* [STORED DATA]:

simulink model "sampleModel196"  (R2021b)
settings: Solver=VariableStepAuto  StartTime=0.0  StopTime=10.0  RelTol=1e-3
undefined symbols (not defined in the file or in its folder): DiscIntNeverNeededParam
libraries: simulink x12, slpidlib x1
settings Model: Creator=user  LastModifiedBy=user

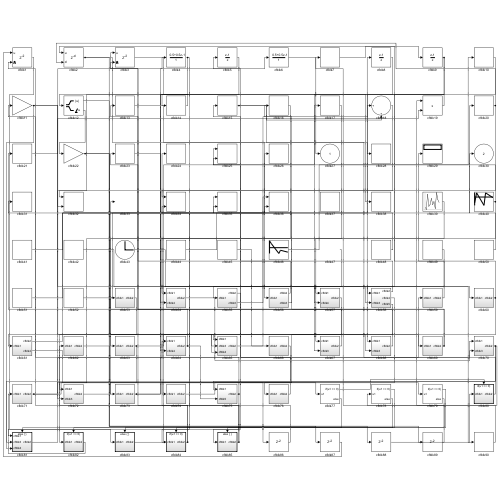
[thumbnail: Simulink's stored preview of the top-level diagram]
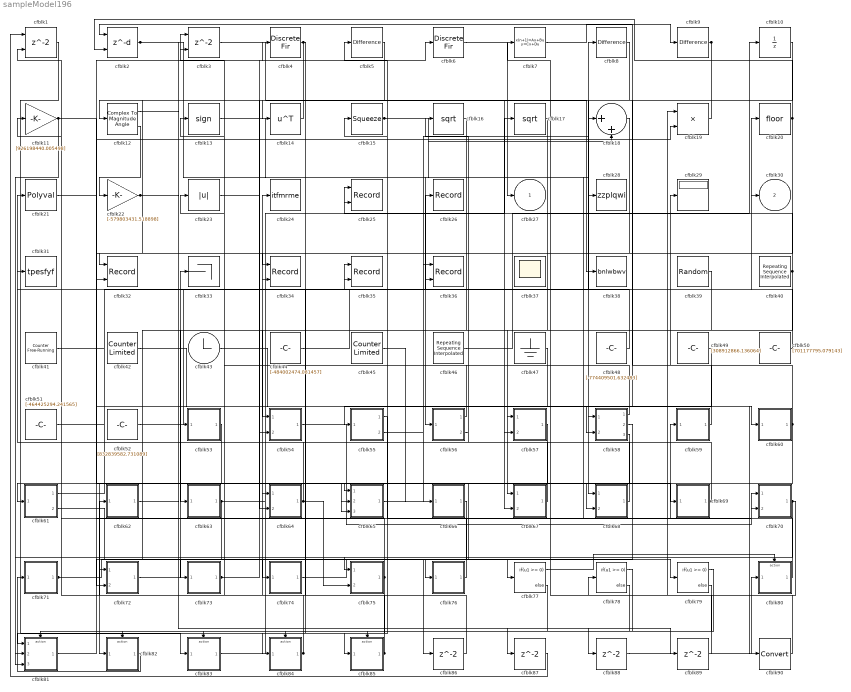
== system sampleModel196 ==
  cfblk1 : Delay  ShowEnablePort=on  SampleTime=1
      settings: InputPortMap=u0,e6
  cfblk10 : UnitDelay  HasFrameUpgradeWarning=on
  cfblk11 : Gain  Gain=[926198440.005498]
  cfblk12 : ComplexToMagnitudeAngle
  cfblk13 : Signum
  cfblk14 : Math  Operator=transpose  SaturateOnIntegerOverflow=on
  cfblk15 : Squeeze
  cfblk16 : Sqrt  SaturateOnIntegerOverflow=on
  cfblk17 : Sqrt  SaturateOnIntegerOverflow=on
  cfblk18 : Sum  Inputs=|++
  cfblk19 : Product  Inputs=**
  cfblk2 : Delay  DelayLengthSource=Input port  SampleTime=1
      settings: InputPortMap=u0,p1
  cfblk20 : Rounding
  cfblk21 : Polyval  Coefs=[ +2.081618890e-019, -1.441693666e-014, +4.719686976e-010, -8.536869453e-006, +1.621573104e-001, -8.087801117e+001 ]
  cfblk22 : Gain  Gain=[-579803431.518898]
  cfblk23 : Abs
  cfblk24 : ToWorkspace  VariableName=itfmrme  SaveFormat=Timeseries  SampleTime=-1
  cfblk25 : Record  FileSettingsInternal="{\"entries\":[{\"content\":{\"excelSettings\":{\"content\":{},\"type\":\"Streamout.ExcelSettings\"}},\"type\":\"Streamout.FileSettingStorage\",\"uuid\":\"ebd6f4a9-3581-428a-b59a-ad7a62004bd4\"}],\"packageUris\":[\"http://schema.mathworks.com/mf0/streamout_blocks/R2020a\"],\"version\":\"1.0\"}"  Layout=[1 1]  SignalsInternal="{\"entries\":[{\"content\":{\"signals\":[{\"content\":{\"blockPath\":[\"sampleModel196/cfblk25\"],\"channel\":[],\"dimensions\":[1],\"domain\":\"sampleModel196/cfblk25\",\"lineColor\":\"#a2142f\",\"plots\":[1],\"port\":1,\"sid\":[\"\"],\"signalID\":7449,\"signalName\":\"cfblk56:1\"},\"type\":\"RecordBlkView.Signal\",\"uuid\":\"a9c48982-f614-47e9-af30-97d896957ff6\"},{\"content\":{\"blockPath\":[\"sampleModel196/cfblk25\"],\"channel\":[],\"dimensions\":[1],\"domain\":\"sampleModel196/cfblk25\",\"lineColor\":\"#139fff\",\"plots\":[1],\"port\":2,\"sid\":[\"\"],\"signalID\":7453,\"signalName\":\"cfblk40\"},\"type\":\"RecordBlkView.Signal\",\"uuid\":\"ad963e30-dda2-47b4-965b-ed6e8714a0d3\"}]},\"type\":\"RecordBlkView.InputSignals\",\"uuid\":\"9b194853-d7b6-4a0e-a025-6a91142790fe\"}],\"packageUris\":[\"http://schema.mathworks.com/mf0/streamout_blocks/R2020a\"],\"version\":\"1.0\"}"  VisualizationBindings="{\"xyplotplugin\":{\"info\":[{\"series\":[{\"bindingParametersList\":[{\"parameter\":\"X-Axis\",\"signalID\":7449,\"signalName\":\"cfblk56:1\"},{\"parameter\":\"Y-Axis\",\"signalID\":7453,\"signalName\":\"cfblk40\"}],\"seriesID\":12748}],\"subplotID\":1}]}}"  CompatibilityTag=XY
  cfblk26 : Record  FileSettingsInternal="{\"entries\":[{\"content\":{\"excelSettings\":{\"content\":{},\"type\":\"Streamout.ExcelSettings\"}},\"type\":\"Streamout.FileSettingStorage\",\"uuid\":\"2445aa79-1fdb-47b8-89e7-35a85b27600f\"}],\"packageUris\":[\"http://schema.mathworks.com/mf0/streamout_blocks/R2020a\"],\"version\":\"1.0\"}"  SignalsInternal="{\"entries\":[{\"content\":{\"signals\":[{\"content\":{\"blockPath\":[\"sampleModel196/cfblk26\"],\"channel\":[],\"dimensions\":[1],\"domain\":\"sampleModel196/cfblk26\",\"lineColor\":\"#ff6929\",\"plots\":[1],\"port\":1,\"sid\":[\"\"],\"signalID\":7495,\"signalName\":\"cfblk41\"},\"type\":\"RecordBlkView.Signal\",\"uuid\":\"b33c4b9a-08ec-4f33-ba24-e1cc10466944\"}]},\"type\":\"RecordBlkView.InputSignals\",\"uuid\":\"3c88b68e-3c23-4d2f-858d-3a9c6e306d4d\"}],\"packageUris\":[\"http://schema.mathworks.com/mf0/streamout_blocks/R2020a\"],\"version\":\"1.0\"}"  VisualizationBindings="{\"sparklinesplugin\":{\"info\":[{\"bindingParametersList\":[],\"subplotID\":1}]}}"
  cfblk28 : ToWorkspace  VariableName=zzplqwi  SaveFormat=Timeseries  SampleTime=-1
  cfblk29 : Display
  cfblk3 : Delay  ShowEnablePort=on  SampleTime=1
      settings: InputPortMap=u0,e6
  cfblk31 : ToWorkspace  VariableName=tpesfyf  SaveFormat=Timeseries  SampleTime=-1
  cfblk32 : Record  FileSettingsInternal="{\"entries\":[{\"content\":{\"excelSettings\":{\"content\":{},\"type\":\"Streamout.ExcelSettings\"}},\"type\":\"Streamout.FileSettingStorage\",\"uuid\":\"bf744f18-d074-43f9-bec1-89a481855710\"}],\"packageUris\":[\"http://schema.mathworks.com/mf0/streamout_blocks/R2020a\"],\"version\":\"1.0\"}"  Layout=[1 1]  SignalsInternal="{\"entries\":[{\"content\":{\"signals\":[{\"content\":{\"blockPath\":[\"sampleModel196/cfblk32\"],\"channel\":[],\"dimensions\":[1],\"domain\":\"sampleModel196/cfblk32\",\"lineColor\":\"#a2142f\",\"plots\":[1],\"port\":1,\"sid\":[\"\"],\"signalID\":7457,\"signalName\":\"cfblk5\"},\"type\":\"RecordBlkView.Signal\",\"uuid\":\"31689776-47fe-422e-aca7-1eb21403d129\"},{\"content\":{\"blockPath\":[\"sampleModel196/cfblk32\"],\"channel\":[],\"dimensions\":[1],\"domain\":\"sampleModel196/cfblk32\",\"lineColor\":\"#139fff\",\"plots\":[1],\"port\":2,\"sid\":[\"\"],\"signalID\":7461,\"signalName\":\"cfblk20\"},\"type\":\"RecordBlkView.Signal\",\"uuid\":\"17bd4d18-57bb-470c-9e43-fdcf53ad759b\"}]},\"type\":\"RecordBlkView.InputSignals\",\"uuid\":\"335cb6c9-9546-4695-8874-e885ee878550\"}],\"packageUris\":[\"http://schema.mathworks.com/mf0/streamout_blocks/R2020a\"],\"version\":\"1.0\"}"  VisualizationBindings="{\"xyplotplugin\":{\"info\":[{\"series\":[{\"bindingParametersList\":[{\"parameter\":\"X-Axis\",\"signalID\":7457,\"signalName\":\"cfblk5\"},{\"parameter\":\"Y-Axis\",\"signalID\":7461,\"signalName\":\"cfblk20\"}],\"seriesID\":42470}],\"subplotID\":1}]}}"  CompatibilityTag=XY
  cfblk33 : Terminator
  cfblk34 : Record  FileSettingsInternal="{\"entries\":[{\"content\":{\"excelSettings\":{\"content\":{},\"type\":\"Streamout.ExcelSettings\"}},\"type\":\"Streamout.FileSettingStorage\",\"uuid\":\"44b56a1a-1e95-409d-987e-e733322c070c\"}],\"packageUris\":[\"http://schema.mathworks.com/mf0/streamout_blocks/R2020a\"],\"version\":\"1.0\"}"  Layout=[1 1]  SignalsInternal="{\"entries\":[{\"content\":{\"signals\":[{\"content\":{\"blockPath\":[\"sampleModel196/cfblk34\"],\"channel\":[],\"dimensions\":[1],\"domain\":\"sampleModel196/cfblk34\",\"lineColor\":\"#a2142f\",\"plots\":[1],\"port\":1,\"sid\":[\"\"],\"signalID\":7465,\"signalName\":\"cfblk18\"},\"type\":\"RecordBlkView.Signal\",\"uuid\":\"0f9eff3a-cfcd-403f-aa3d-d8cbb3cc7e76\"},{\"content\":{\"blockPath\":[\"sampleModel196/cfblk34\"],\"channel\":[],\"dimensions\":[1],\"domain\":\"sampleModel196/cfblk34\",\"lineColor\":\"#139fff\",\"plots\":[1],\"port\":2,\"sid\":[\"\"],\"signalID\":7469,\"signalName\":\"cfblk85\"},\"type\":\"RecordBlkView.Signal\",\"uuid\":\"d6eda2cf-49ef-4ee1-b244-38dc2486a214\"}]},\"type\":\"RecordBlkView.InputSignals\",\"uuid\":\"cf33cff3-aab6-408d-8b77-f2d2e822a3f0\"}],\"packageUris\":[\"http://schema.mathworks.com/mf0/streamout_blocks/R2020a\"],\"version\":\"1.0\"}"  VisualizationBindings="{\"xyplotplugin\":{\"info\":[{\"series\":[{\"bindingParametersList\":[{\"parameter\":\"X-Axis\",\"signalID\":7465,\"signalName\":\"cfblk18\"},{\"parameter\":\"Y-Axis\",\"signalID\":7469,\"signalName\":\"cfblk85\"}],\"seriesID\":17726}],\"subplotID\":1}]}}"  CompatibilityTag=XY
  cfblk35 : Record  FileSettingsInternal="{\"entries\":[{\"content\":{\"excelSettings\":{\"content\":{},\"type\":\"Streamout.ExcelSettings\"}},\"type\":\"Streamout.FileSettingStorage\",\"uuid\":\"7f9abc0e-2cc1-4510-b0e6-42d033897b2e\"}],\"packageUris\":[\"http://schema.mathworks.com/mf0/streamout_blocks/R2020a\"],\"version\":\"1.0\"}"  Layout=[1 1]  SignalsInternal="{\"entries\":[{\"content\":{\"signals\":[{\"content\":{\"blockPath\":[\"sampleModel196/cfblk35\"],\"channel\":[],\"dimensions\":[1],\"domain\":\"sampleModel196/cfblk35\",\"lineColor\":\"#a2142f\",\"plots\":[1],\"port\":1,\"sid\":[\"\"],\"signalID\":7473,\"signalName\":\"cfblk52\"},\"type\":\"RecordBlkView.Signal\",\"uuid\":\"3c653f7d-91cd-4ce5-b0bf-04fb68007592\"},{\"content\":{\"blockPath\":[\"sampleModel196/cfblk35\"],\"channel\":[],\"dimensions\":[1],\"domain\":\"sampleModel196/cfblk35\",\"lineColor\":\"#139fff\",\"plots\":[1],\"port\":2,\"sid\":[\"\"],\"signalID\":7477,\"signalName\":\"cfblk56:2\"},\"type\":\"RecordBlkView.Signal\",\"uuid\":\"6a33e96c-9fe5-4313-b026-49fc6d793e83\"}]},\"type\":\"RecordBlkView.InputSignals\",\"uuid\":\"7a80ccfb-8ce4-455d-850f-91369f2529a9\"}],\"packageUris\":[\"http://schema.mathworks.com/mf0/streamout_blocks/R2020a\"],\"version\":\"1.0\"}"  VisualizationBindings="{\"xyplotplugin\":{\"info\":[{\"series\":[{\"bindingParametersList\":[{\"parameter\":\"X-Axis\",\"signalID\":7473,\"signalName\":\"cfblk52\"},{\"parameter\":\"Y-Axis\",\"signalID\":7477,\"signalName\":\"cfblk56:2\"}],\"seriesID\":7674}],\"subplotID\":1}]}}"  CompatibilityTag=XY
  cfblk36 : Record  FileSettingsInternal="{\"entries\":[{\"content\":{\"excelSettings\":{\"content\":{},\"type\":\"Streamout.ExcelSettings\"}},\"type\":\"Streamout.FileSettingStorage\",\"uuid\":\"f043a9ff-7dfe-4c6c-88df-b525cd69d3e4\"}],\"packageUris\":[\"http://schema.mathworks.com/mf0/streamout_blocks/R2020a\"],\"version\":\"1.0\"}"  Layout=[1 1]  SignalsInternal="{\"entries\":[{\"content\":{\"signals\":[{\"content\":{\"blockPath\":[\"sampleModel196/cfblk36\"],\"channel\":[],\"dimensions\":[1],\"domain\":\"sampleModel196/cfblk36\",\"lineColor\":\"#a2142f\",\"plots\":[1],\"port\":1,\"sid\":[\"\"],\"signalID\":7481,\"signalName\":\"cfblk65\"},\"type\":\"RecordBlkView.Signal\",\"uuid\":\"65fcb63e-1503-467f-81bc-7a25df069058\"},{\"content\":{\"blockPath\":[\"sampleModel196/cfblk36\"],\"channel\":[],\"dimensions\":[1],\"domain\":\"sampleModel196/cfblk36\",\"lineColor\":\"#139fff\",\"plots\":[1],\"port\":2,\"sid\":[\"\"],\"signalID\":7485,\"signalName\":\"cfblk51\"},\"type\":\"RecordBlkView.Signal\",\"uuid\":\"3e54b984-48c4-4046-b527-7630b092be08\"}]},\"type\":\"RecordBlkView.InputSignals\",\"uuid\":\"370319a3-713c-4883-9ac8-89c3f3400cb0\"}],\"packageUris\":[\"http://schema.mathworks.com/mf0/streamout_blocks/R2020a\"],\"version\":\"1.0\"}"  VisualizationBindings="{\"xyplotplugin\":{\"info\":[{\"series\":[{\"bindingParametersList\":[{\"parameter\":\"X-Axis\",\"signalID\":7481,\"signalName\":\"cfblk65\"},{\"parameter\":\"Y-Axis\",\"signalID\":7485,\"signalName\":\"cfblk51\"}],\"seriesID\":38838}],\"subplotID\":1}]}}"  CompatibilityTag=XY
  cfblk37 : Scope
      settings: Floating=on
  cfblk38 : ToWorkspace  VariableName=bnlwbwv  SaveFormat=Timeseries  SampleTime=-1
  cfblk39 : UniformRandomNumber  Minimum=[-3778114337.742830]  Maximum=[8573210541.669261]  Seed=[62594337.000000]  SampleTime=0.1
  cfblk4 : DiscreteFir  SampleTime=1
  cfblk40 : simulink/Sources/Repeating Sequence Interpolated  OutValues=[-595286399.306471, 430406354.099444, -847114373.561798, 413620163.272758, -80797133.288778]  TimeValues=[0 0.1 0.5 0.6 1].'  LookUpMeth=Use Input Below  tsamp=0.01  OutMin=[]  OutMax=[]  OutDataTypeStr=double  OutputDataTypeScalingMode=double  OutDataType=fixdt(0,8)  OutScaling=2^-10
  cfblk41 : simulink/Sources/Counter Free-Running  NumBits=[48.000000]  tsamp=-1
  cfblk42 : simulink/Sources/Counter Limited  uplimit=[655.000000]  tsamp=-1
  cfblk43 : Clock
  cfblk44 : Constant  Value=[-484002474.081457]  SampleTime=1
  cfblk45 : simulink/Sources/Counter Limited  uplimit=[480.000000]  tsamp=-1
  cfblk46 : simulink/Sources/Repeating Sequence Interpolated  OutValues=[797883699.847980, 464343405.364402, -637796917.048516, -287258866.510282, -505571272.928472]  TimeValues=[0 0.1 0.5 0.6 1].'  LookUpMeth=Use Input Nearest  tsamp=0.01  OutMin=[]  OutMax=[]  OutDataTypeStr=double  OutputDataTypeScalingMode=double  OutDataType=fixdt(0,8)  OutScaling=2^-10
  cfblk47 : Ground
  cfblk48 : Constant  Value=[-774409501.632483]  SampleTime=1
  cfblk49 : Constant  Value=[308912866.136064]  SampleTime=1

* [EXERCISE PROMPT]: Take from the listing above each line containing "SaturateOnIntegerOverflow".

* [ANSWER TO THE EXERCISE]:
  cfblk14 : Math  Operator=transpose  SaturateOnIntegerOverflow=on
  cfblk16 : Sqrt  SaturateOnIntegerOverflow=on
  cfblk17 : Sqrt  SaturateOnIntegerOverflow=on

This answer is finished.